Does every independent set spans the space necessarily form a basis?

[LikeMath]

Hi there!

A Hilbert space E is spanned by a set S if E is generated by the element of S.

It is well known that in the finite dimensional case that
S spans E and S is linearly independent set iff the set S form a basis for E.

The question is that true for the infinite dimensional case? Noting that in this case by span we mean the closure of the span.

Thanks in advance
LikeMath

 

[micromass]

What do you mean by "basis" in the infinite-dimensional case??

 

[LikeMath]

What do you mean by "basis" in the infinite-dimensional case??

That is every member of E can be written in a uniquely linear combination of vectors from this basis. I wonder if it "basis" has another definition?

 

[micromass]

That is every member of E can be written in a uniquely linear combination of vectors from this basis. I wonder if it "basis" has another definition?

That is commonly called a Hamel basis in infinite dimensional vector spaces.

Something that spans the set and is linearly independent is indeed a Hamel basis.

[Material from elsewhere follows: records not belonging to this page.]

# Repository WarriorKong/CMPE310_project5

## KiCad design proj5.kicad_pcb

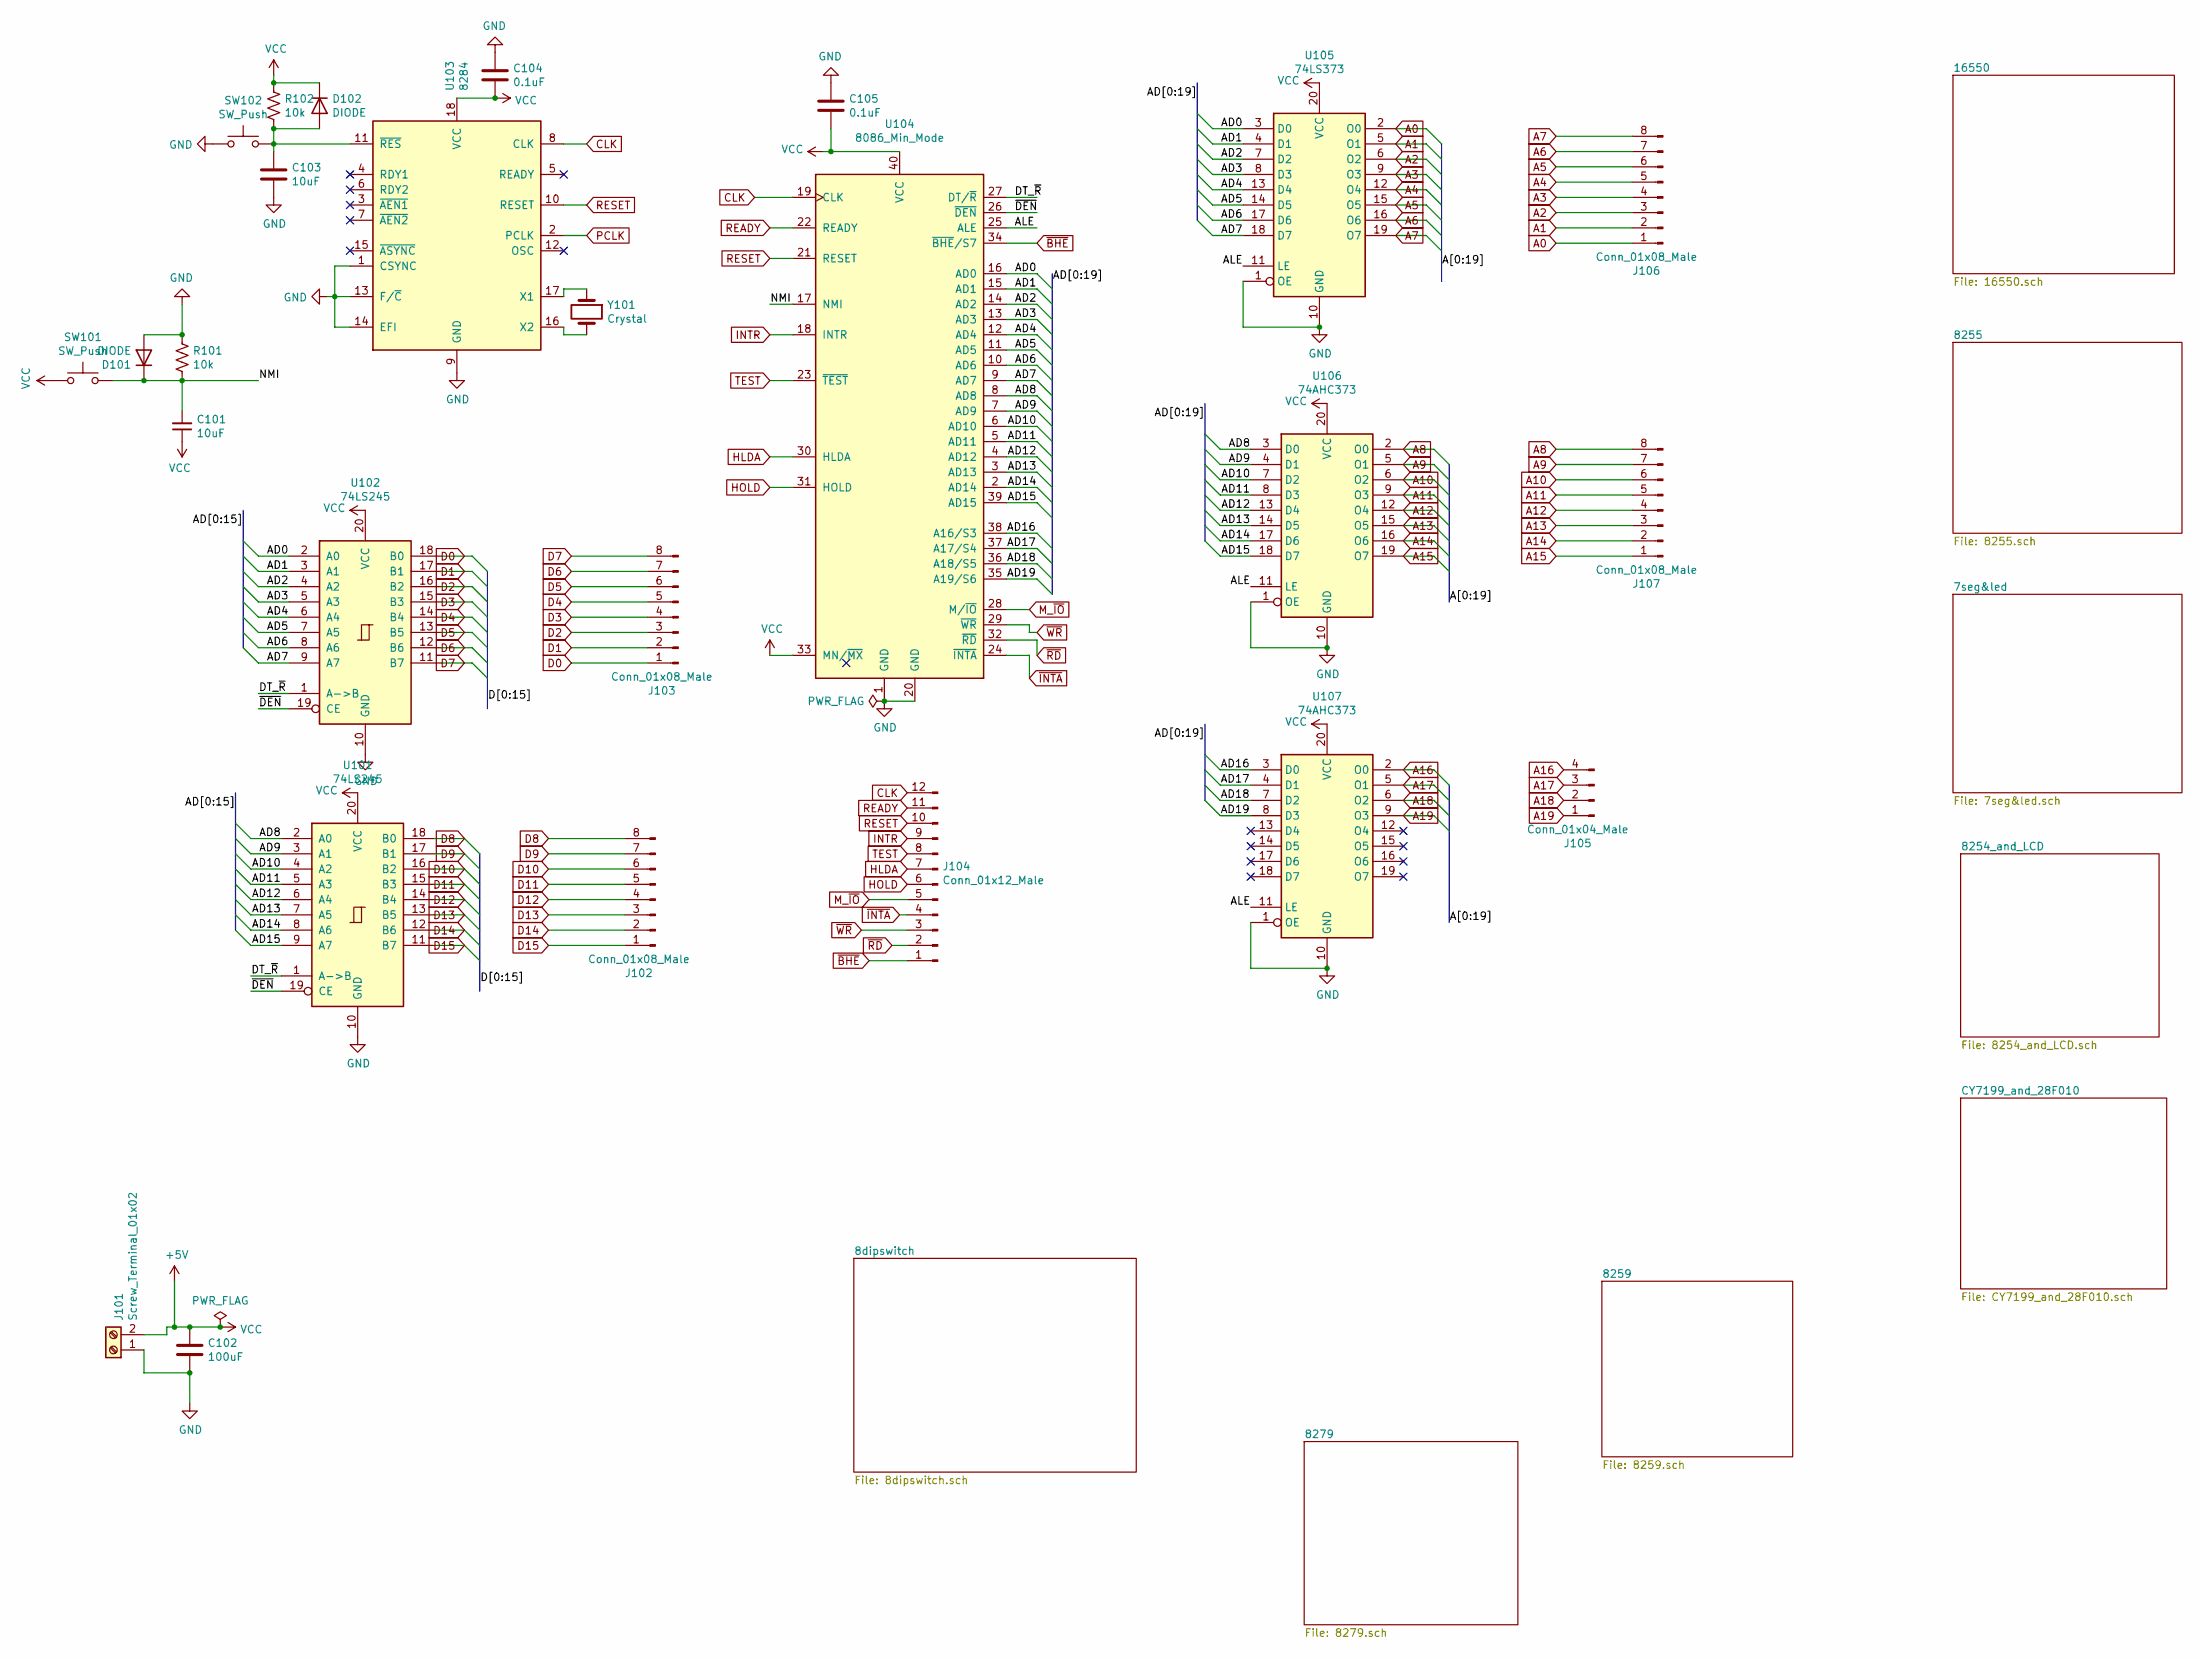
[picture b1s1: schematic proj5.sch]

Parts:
C101, C103: 10uF; CP_Elec_5x3
C102: 100uF; CP_Elec_8x5.4
C104, C105: 0.1uF; CP_Elec_3x5.3
D101, D102: DIODE; D_0402_1005Metric
J101: Screw_Terminal_01x02; TerminalBlock_Phoenix_MKDS-1,5-2-5.08_1x02_P5.08mm_Horizont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
J102, J103, J106, J107: Conn_01x08_Male; JST_GH_BM08B-GHS-TBT_1x08-1MP_P1.25mm_Vertical
J104: Conn_01x12_Male; JST_GH_BM12B-GHS-TBT_1x12-1MP_P1.25mm_Vertical
J105: Conn_01x04_Male; JST_GH_BM04B-GHS-TBT_1x04-1MP_P1.25mm_Vertical
R101, R102: 10k; R_0402_1005Metric
SW101, SW102: SW_Push; SW_SPST_B3U-1000P
U101, U102: 74LS245; DIP-20_W7.62mm_SMDSocket_SmallPads
U103: 8284; DIP-18_W7.62mm
U104: 8086_Min_Mode; DIP-40_W15.24mm
U105: 74LS373; DIP-20_W7.62mm_SMDSocket_SmallPads
U106, U107: 74AHC373; DIP-20_W7.62mm_SMDSocket_SmallPads
Y101: Crystal; Crystal_AT310_D3.0mm_L10.0mm_Horizontal

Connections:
+5V: C101.1, C102.1, C104.2, C105.2, D102.2 (K), J101.2, R102.1, SW101.1, U101.20 (VCC), U102.20 (VCC), U103.18 (VCC), U104.33 (MN/~MX~), U104.40 (VCC), U105.20 (VCC), U106.20 (VCC), U107.20 (VCC); also elsewhere on the board
/AD0: U102.2 (A0), U104.16 (AD0), U105.3 (D0)
/AD1: U102.3 (A1), U104.15 (AD1), U105.4 (D1)
/AD2: U102.4 (A2), U104.14 (AD2), U105.7 (D2)
/AD3: U102.5 (A3), U104.13 (AD3), U105.8 (D3)
/AD4: U102.6 (A4), U104.12 (AD4), U105.13 (D4)
/AD5: U102.7 (A5), U104.11 (AD5), U105.14 (D5)
/AD6: U102.8 (A6), U104.10 (AD6), U105.17 (D6)
/AD7: U102.9 (A7), U104.9 (AD7), U105.18 (D7)
/AD8: U101.2 (A0), U104.8 (AD8), U106.3 (D0)
/AD9: U101.3 (A1), U104.7 (AD9), U106.4 (D1)
/AD10: U101.4 (A2), U104.6 (AD10), U106.7 (D2)
/AD11: U101.5 (A3), U104.5 (AD11), U106.8 (D3)
/AD12: U101.6 (A4), U104.4 (AD12), U106.13 (D4)
/AD13: U101.7 (A5), U104.3 (AD13), U106.14 (D5)
/AD14: U101.8 (A6), U104.2 (AD14), U106.17 (D6)
/AD15: U101.9 (A7), U104.39 (AD15), U106.18 (D7)
/AD16: U104.38 (A16/S3), U107.3 (D0)
/AD17: U104.37 (A17/S4), U107.4 (D1)
/AD18: U104.36 (A18/S5), U107.7 (D2)
/AD19: U104.35 (A19/S6), U107.8 (D3)
/ALE: U104.25 (ALE), U105.11 (LE), U106.11 (LE), U107.11 (LE)
/DT_~R: U101.1 (A->B), U102.1 (A->B), U104.27 (DT/~R~)
/NMI: C101.2, D101.2 (K), R101.2, SW101.2, U104.17 (NMI)
/~DEN: U101.19 (CE), U102.19 (CE), U104.26 (~DEN~)
A0: J106.1, U105.2 (O0); also elsewhere on the board
A1: J106.2, U105.5 (O1); also elsewhere on the board
A2: J106.3, U105.6 (O2); also elsewhere on the board
A3: J106.4, U105.9 (O3); also elsewhere on the board
A4: J106.5, U105.12 (O4); also elsewhere on the board
A5: J106.6, U105.15 (O5); also elsewhere on the board
A6: J106.7, U105.16 (O6); also elsewhere on the board
A7: J106.8, U105.19 (O7); also elsewhere on the board
A8: J107.8, U106.2 (O0); also elsewhere on the board
A9: J107.7, U106.5 (O1); also elsewhere on the board
A10: J107.6, U106.6 (O2); also elsewhere on the board
A11: J107.5, U106.9 (O3); also elsewhere on the board
A12: J107.4, U106.12 (O4); also elsewhere on the board
A13: J107.3, U106.15 (O5); also elsewhere on the board
A14: J107.2, U106.16 (O6); also elsewhere on the board
A15: J107.1, U106.19 (O7); also elsewhere on the board
A16: J105.4, U107.2 (O0); also elsewhere on the board
A17: J105.3, U107.5 (O1); also elsewhere on the board
A18: J105.2, U107.6 (O2); also elsewhere on the board
A19: J105.1, U107.9 (O3); also elsewhere on the board
CLK: J104.12, U103.8 (CLK), U104.19 (CLK)
D0: J103.1, U102.18 (B0); also elsewhere on the board
D1: J103.2, U102.17 (B1); also elsewhere on the board
D2: J103.3, U102.16 (B2); also elsewhere on the board
D3: J103.4, U102.15 (B3); also elsewhere on the board
D4: J103.5, U102.14 (B4); also elsewhere on the board
D5: J103.6, U102.13 (B5); also elsewhere on the board
D6: J103.7, U102.12 (B6); also elsewhere on the board
D7: J103.8, U102.11 (B7); also elsewhere on the board
D8: J102.8, U101.18 (B0)
D9: J102.7, U101.17 (B1)
D10: J102.6, U101.16 (B2)
D11: J102.5, U101.15 (B3)
D12: J102.4, U101.14 (B4)
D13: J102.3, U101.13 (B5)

However, if you change the means of span to mean "the closure of the span", then this is not true anymore. For example, in $\ell^2$, the vectors

$(1,0,0,0,...),~(0,1,0,0,...),~(0,0,1,0,...),...$

are linearly independent and the closure of the span is $\ell^2$. But it is not a Hamel basis. (however, it is a Schauder basis and an orthonormal basis).

 

[LikeMath]

Ah ok, now I understand your point. In my question I mean Schauder basis (not the Hamel basis).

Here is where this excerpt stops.